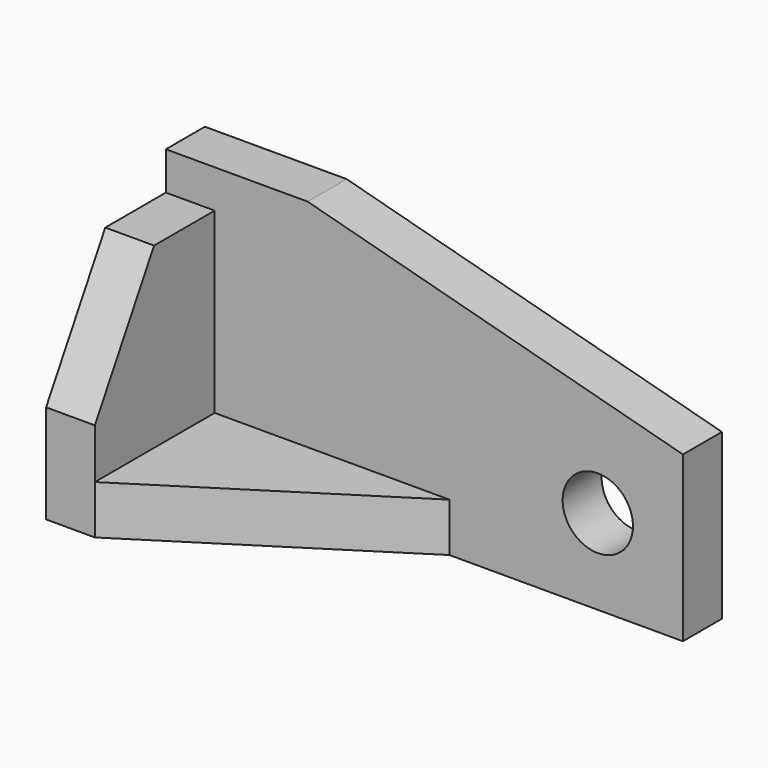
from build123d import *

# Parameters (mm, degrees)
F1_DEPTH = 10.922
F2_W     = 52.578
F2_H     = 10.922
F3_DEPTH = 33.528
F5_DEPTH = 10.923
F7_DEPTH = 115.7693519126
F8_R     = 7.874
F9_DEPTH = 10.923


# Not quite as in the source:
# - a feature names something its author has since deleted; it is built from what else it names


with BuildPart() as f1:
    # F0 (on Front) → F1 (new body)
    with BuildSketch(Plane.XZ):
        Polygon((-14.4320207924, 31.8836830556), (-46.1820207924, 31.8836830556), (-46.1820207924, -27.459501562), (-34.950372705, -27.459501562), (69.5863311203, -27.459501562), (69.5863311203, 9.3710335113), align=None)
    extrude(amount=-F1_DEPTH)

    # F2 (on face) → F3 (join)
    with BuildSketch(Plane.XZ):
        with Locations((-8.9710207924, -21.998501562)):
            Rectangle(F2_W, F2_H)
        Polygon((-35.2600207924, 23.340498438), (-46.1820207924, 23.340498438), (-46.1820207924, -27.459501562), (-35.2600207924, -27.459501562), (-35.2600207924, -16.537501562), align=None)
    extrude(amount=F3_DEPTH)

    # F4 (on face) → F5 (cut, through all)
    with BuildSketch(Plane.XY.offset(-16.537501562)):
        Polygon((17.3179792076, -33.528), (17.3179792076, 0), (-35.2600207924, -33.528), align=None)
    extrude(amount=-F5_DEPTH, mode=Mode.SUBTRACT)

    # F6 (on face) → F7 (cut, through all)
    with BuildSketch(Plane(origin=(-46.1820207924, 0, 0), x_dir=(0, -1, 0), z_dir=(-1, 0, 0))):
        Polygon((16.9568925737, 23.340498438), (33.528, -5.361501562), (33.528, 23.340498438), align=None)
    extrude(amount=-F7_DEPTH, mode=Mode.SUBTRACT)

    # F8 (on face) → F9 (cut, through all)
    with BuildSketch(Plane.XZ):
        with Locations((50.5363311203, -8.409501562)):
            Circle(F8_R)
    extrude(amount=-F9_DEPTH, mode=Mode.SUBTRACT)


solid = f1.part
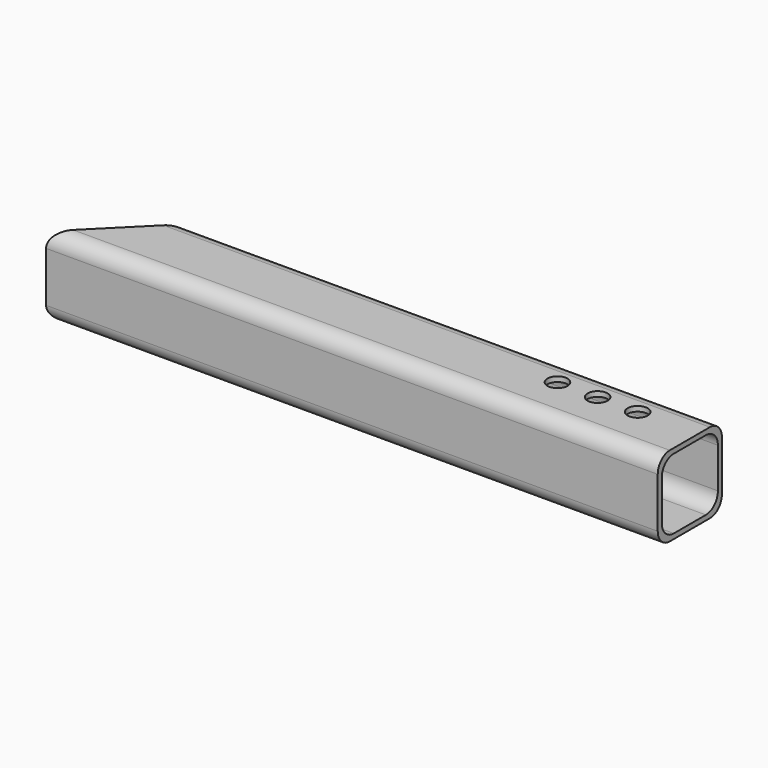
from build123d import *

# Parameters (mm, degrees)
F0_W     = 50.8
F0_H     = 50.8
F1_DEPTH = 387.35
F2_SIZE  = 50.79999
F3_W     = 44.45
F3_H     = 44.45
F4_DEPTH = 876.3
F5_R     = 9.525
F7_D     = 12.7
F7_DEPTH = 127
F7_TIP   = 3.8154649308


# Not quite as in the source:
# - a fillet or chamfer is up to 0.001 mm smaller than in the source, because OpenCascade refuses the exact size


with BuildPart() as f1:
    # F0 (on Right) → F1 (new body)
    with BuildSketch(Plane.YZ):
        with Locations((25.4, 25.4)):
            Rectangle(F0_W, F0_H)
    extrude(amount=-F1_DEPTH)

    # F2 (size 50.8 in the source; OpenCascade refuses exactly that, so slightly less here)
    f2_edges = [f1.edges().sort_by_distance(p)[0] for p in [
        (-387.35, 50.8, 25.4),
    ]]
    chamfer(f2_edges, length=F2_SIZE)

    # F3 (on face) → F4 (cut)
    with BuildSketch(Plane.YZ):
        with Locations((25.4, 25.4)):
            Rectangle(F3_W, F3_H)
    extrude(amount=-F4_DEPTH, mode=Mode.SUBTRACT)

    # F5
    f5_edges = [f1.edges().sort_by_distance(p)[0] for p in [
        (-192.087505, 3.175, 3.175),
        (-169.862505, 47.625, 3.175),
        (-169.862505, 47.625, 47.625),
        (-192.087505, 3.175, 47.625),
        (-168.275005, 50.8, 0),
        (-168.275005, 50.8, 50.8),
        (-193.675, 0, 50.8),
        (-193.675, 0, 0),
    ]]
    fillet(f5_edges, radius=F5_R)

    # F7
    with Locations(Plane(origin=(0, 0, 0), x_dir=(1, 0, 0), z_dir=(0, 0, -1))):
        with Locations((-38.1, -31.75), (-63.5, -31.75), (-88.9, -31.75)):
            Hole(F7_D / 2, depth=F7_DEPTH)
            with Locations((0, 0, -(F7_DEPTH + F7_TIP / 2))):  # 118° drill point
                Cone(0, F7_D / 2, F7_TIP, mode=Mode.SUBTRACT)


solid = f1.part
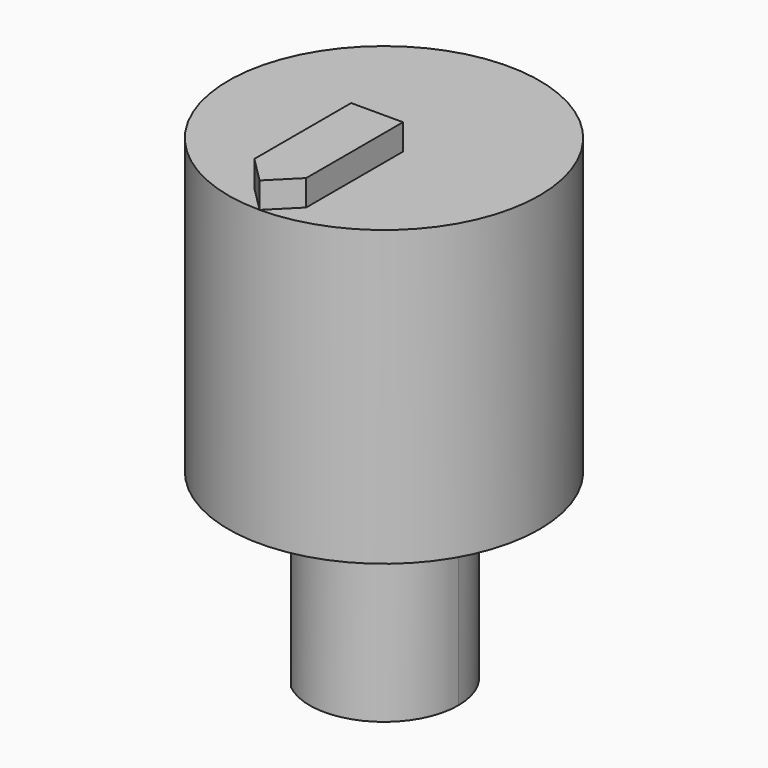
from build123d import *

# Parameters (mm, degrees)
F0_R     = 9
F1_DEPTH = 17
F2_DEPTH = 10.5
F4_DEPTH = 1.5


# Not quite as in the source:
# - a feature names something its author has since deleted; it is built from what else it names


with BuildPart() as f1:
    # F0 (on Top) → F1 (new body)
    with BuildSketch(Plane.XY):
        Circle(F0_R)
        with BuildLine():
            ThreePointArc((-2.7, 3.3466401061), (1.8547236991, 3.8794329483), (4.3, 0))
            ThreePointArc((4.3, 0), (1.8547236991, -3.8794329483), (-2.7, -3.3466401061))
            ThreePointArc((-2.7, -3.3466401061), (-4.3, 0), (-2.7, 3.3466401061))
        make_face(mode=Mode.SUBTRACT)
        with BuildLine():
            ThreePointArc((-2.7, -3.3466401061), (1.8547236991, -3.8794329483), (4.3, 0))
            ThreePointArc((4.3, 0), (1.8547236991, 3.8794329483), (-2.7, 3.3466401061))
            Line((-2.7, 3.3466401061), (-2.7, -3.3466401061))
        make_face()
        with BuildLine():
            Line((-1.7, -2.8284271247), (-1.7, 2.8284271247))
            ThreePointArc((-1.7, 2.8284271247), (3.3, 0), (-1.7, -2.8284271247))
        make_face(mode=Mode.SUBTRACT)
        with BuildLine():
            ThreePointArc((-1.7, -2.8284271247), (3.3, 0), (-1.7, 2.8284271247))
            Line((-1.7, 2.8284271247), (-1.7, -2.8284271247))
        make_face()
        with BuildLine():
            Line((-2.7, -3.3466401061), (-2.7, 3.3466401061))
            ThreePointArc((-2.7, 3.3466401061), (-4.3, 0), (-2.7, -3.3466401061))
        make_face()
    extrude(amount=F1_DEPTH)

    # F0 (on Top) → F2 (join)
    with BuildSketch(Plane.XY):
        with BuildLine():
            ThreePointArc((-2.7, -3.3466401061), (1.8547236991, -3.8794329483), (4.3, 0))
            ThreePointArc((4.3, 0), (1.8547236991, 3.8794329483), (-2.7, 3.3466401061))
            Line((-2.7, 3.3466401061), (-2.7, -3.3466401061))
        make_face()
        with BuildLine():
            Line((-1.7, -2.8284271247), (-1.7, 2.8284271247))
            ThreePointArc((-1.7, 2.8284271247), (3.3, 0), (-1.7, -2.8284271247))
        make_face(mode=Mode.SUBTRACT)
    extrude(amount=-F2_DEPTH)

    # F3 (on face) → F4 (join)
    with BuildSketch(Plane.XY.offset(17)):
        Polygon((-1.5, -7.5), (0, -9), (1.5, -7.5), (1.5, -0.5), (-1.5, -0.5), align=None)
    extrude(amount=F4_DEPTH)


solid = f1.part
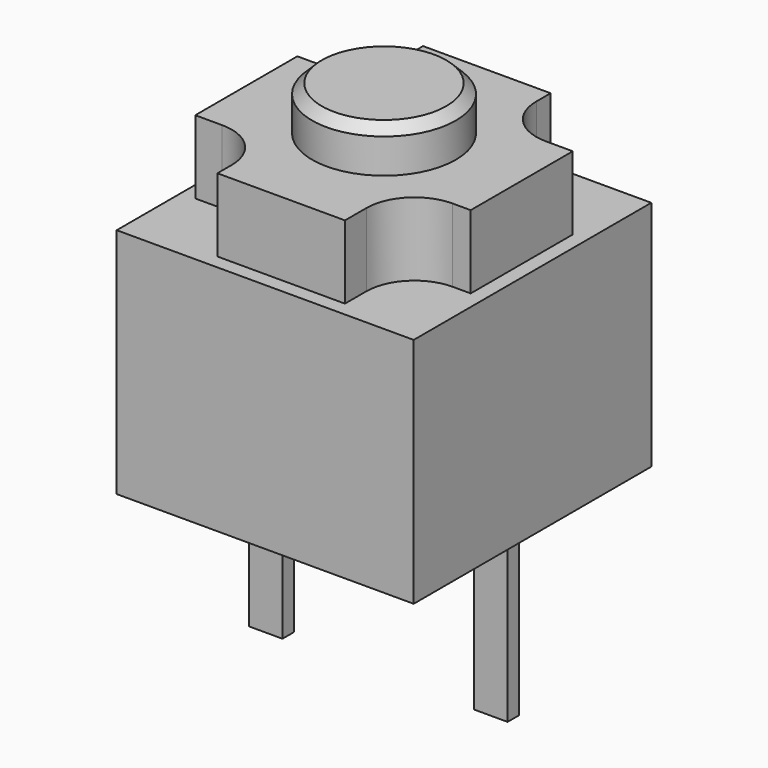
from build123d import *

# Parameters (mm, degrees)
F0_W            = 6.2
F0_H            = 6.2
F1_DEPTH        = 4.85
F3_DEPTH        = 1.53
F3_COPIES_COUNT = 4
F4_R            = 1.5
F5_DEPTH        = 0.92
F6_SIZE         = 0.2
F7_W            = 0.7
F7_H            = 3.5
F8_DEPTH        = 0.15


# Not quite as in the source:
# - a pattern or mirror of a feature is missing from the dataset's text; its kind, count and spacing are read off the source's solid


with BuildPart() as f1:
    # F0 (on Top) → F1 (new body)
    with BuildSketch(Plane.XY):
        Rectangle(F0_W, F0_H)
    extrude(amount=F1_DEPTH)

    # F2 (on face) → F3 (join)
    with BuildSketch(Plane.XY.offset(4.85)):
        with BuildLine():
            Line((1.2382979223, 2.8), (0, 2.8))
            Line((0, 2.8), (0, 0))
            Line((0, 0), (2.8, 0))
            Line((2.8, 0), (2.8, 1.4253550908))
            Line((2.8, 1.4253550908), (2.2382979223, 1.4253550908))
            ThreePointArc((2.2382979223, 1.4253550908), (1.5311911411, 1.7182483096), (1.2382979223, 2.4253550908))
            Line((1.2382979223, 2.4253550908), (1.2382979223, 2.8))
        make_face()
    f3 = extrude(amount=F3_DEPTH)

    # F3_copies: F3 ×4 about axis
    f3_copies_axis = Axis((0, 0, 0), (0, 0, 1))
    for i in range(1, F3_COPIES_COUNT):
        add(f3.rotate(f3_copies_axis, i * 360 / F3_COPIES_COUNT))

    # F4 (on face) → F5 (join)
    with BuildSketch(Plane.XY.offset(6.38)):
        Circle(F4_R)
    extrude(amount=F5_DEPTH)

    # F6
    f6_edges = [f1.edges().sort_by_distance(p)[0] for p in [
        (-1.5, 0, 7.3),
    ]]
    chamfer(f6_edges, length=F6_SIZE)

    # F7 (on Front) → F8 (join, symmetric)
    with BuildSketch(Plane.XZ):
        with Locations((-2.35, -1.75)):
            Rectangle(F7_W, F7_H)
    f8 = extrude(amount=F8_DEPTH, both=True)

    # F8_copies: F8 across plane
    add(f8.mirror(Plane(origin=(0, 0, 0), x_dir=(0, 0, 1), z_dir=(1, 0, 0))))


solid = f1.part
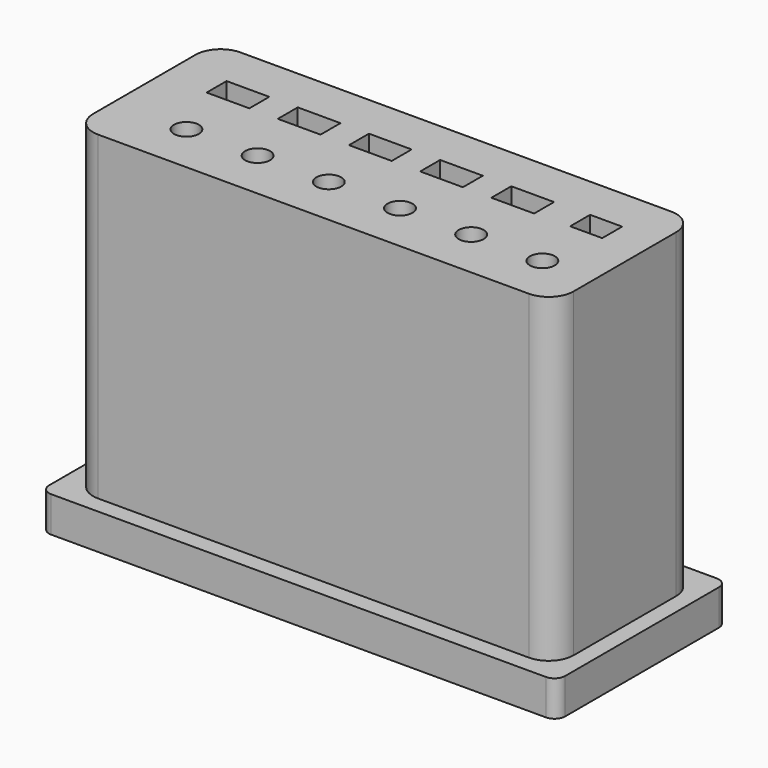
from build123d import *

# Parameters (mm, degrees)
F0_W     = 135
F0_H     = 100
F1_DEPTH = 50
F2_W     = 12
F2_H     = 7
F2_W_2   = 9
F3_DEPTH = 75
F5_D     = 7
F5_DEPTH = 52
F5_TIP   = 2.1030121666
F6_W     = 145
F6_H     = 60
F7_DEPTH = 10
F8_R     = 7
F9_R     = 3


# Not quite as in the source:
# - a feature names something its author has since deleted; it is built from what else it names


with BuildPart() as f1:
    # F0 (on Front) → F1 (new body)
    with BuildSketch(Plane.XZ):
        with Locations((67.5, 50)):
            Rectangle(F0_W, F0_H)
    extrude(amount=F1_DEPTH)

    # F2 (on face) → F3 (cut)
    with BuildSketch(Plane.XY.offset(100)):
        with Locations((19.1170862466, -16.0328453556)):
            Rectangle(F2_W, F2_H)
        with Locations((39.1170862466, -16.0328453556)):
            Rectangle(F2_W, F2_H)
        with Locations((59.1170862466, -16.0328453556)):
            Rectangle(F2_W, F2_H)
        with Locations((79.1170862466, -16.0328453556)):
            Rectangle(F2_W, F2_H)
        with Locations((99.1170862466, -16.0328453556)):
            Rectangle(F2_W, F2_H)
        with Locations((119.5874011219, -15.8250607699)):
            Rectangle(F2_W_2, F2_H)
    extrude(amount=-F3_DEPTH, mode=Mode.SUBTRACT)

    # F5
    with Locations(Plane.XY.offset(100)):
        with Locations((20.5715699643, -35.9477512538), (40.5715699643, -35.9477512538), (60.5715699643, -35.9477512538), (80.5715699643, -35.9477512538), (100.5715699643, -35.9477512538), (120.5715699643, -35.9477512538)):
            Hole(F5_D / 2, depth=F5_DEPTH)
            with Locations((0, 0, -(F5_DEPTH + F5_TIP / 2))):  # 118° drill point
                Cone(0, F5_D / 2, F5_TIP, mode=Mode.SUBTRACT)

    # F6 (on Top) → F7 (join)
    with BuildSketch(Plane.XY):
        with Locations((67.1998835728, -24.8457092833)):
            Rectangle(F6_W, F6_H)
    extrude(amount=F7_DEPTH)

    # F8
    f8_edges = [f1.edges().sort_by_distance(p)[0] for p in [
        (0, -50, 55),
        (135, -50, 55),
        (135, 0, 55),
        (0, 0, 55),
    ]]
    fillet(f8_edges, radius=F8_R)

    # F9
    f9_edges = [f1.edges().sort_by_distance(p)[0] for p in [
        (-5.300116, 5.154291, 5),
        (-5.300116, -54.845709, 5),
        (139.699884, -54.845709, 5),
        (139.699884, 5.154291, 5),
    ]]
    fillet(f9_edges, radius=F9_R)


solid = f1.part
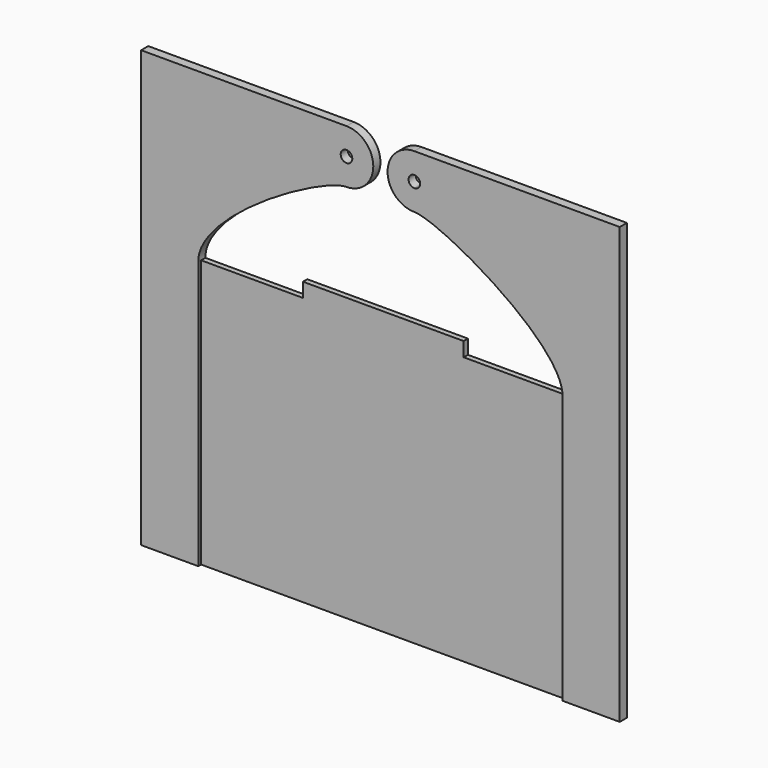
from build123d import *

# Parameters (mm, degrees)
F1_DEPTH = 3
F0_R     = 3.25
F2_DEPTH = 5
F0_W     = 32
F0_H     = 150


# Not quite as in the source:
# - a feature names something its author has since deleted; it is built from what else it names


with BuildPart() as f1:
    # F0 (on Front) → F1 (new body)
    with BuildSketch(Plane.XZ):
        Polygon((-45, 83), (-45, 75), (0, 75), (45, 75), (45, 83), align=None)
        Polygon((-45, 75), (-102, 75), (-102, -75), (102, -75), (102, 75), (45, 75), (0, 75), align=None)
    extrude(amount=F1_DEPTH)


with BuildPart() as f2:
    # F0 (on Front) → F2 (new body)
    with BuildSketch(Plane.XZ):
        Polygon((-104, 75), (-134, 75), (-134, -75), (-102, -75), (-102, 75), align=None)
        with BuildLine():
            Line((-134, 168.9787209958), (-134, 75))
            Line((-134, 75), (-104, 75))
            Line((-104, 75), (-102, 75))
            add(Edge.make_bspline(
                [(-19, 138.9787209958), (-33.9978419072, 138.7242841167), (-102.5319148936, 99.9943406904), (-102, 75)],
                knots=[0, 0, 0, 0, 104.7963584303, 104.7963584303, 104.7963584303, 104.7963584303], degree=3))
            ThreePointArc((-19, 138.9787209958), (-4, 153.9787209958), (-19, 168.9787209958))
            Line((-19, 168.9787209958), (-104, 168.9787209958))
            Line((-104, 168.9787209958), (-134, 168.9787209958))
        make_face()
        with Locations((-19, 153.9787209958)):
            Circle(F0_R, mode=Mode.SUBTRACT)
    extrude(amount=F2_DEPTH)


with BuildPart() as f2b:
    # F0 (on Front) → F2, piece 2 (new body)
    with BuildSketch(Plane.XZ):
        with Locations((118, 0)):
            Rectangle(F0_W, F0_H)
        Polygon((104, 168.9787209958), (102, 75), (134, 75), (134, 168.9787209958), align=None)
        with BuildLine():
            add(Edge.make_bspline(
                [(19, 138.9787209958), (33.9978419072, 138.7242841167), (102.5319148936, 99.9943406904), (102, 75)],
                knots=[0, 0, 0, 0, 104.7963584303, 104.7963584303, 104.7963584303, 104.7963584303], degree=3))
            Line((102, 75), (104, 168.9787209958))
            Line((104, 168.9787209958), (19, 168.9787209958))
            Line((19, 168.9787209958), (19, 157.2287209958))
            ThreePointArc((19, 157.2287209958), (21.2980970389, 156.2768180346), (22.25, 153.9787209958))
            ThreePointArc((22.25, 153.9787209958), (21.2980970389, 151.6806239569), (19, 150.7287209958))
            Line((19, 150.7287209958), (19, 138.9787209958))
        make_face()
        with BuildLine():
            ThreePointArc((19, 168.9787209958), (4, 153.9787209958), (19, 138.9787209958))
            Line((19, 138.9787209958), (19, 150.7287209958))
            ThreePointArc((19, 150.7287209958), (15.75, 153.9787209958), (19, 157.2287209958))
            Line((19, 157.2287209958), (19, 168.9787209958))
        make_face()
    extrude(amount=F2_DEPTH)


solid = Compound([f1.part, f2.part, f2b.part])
==============================
[Exercise aim] Which lines above hold the string "length"? Show each of them.

[Completed task]
    chamfer(f2_edges, length=F2_SIZE)
    chamfer(f6_edges, length=F6_SIZE)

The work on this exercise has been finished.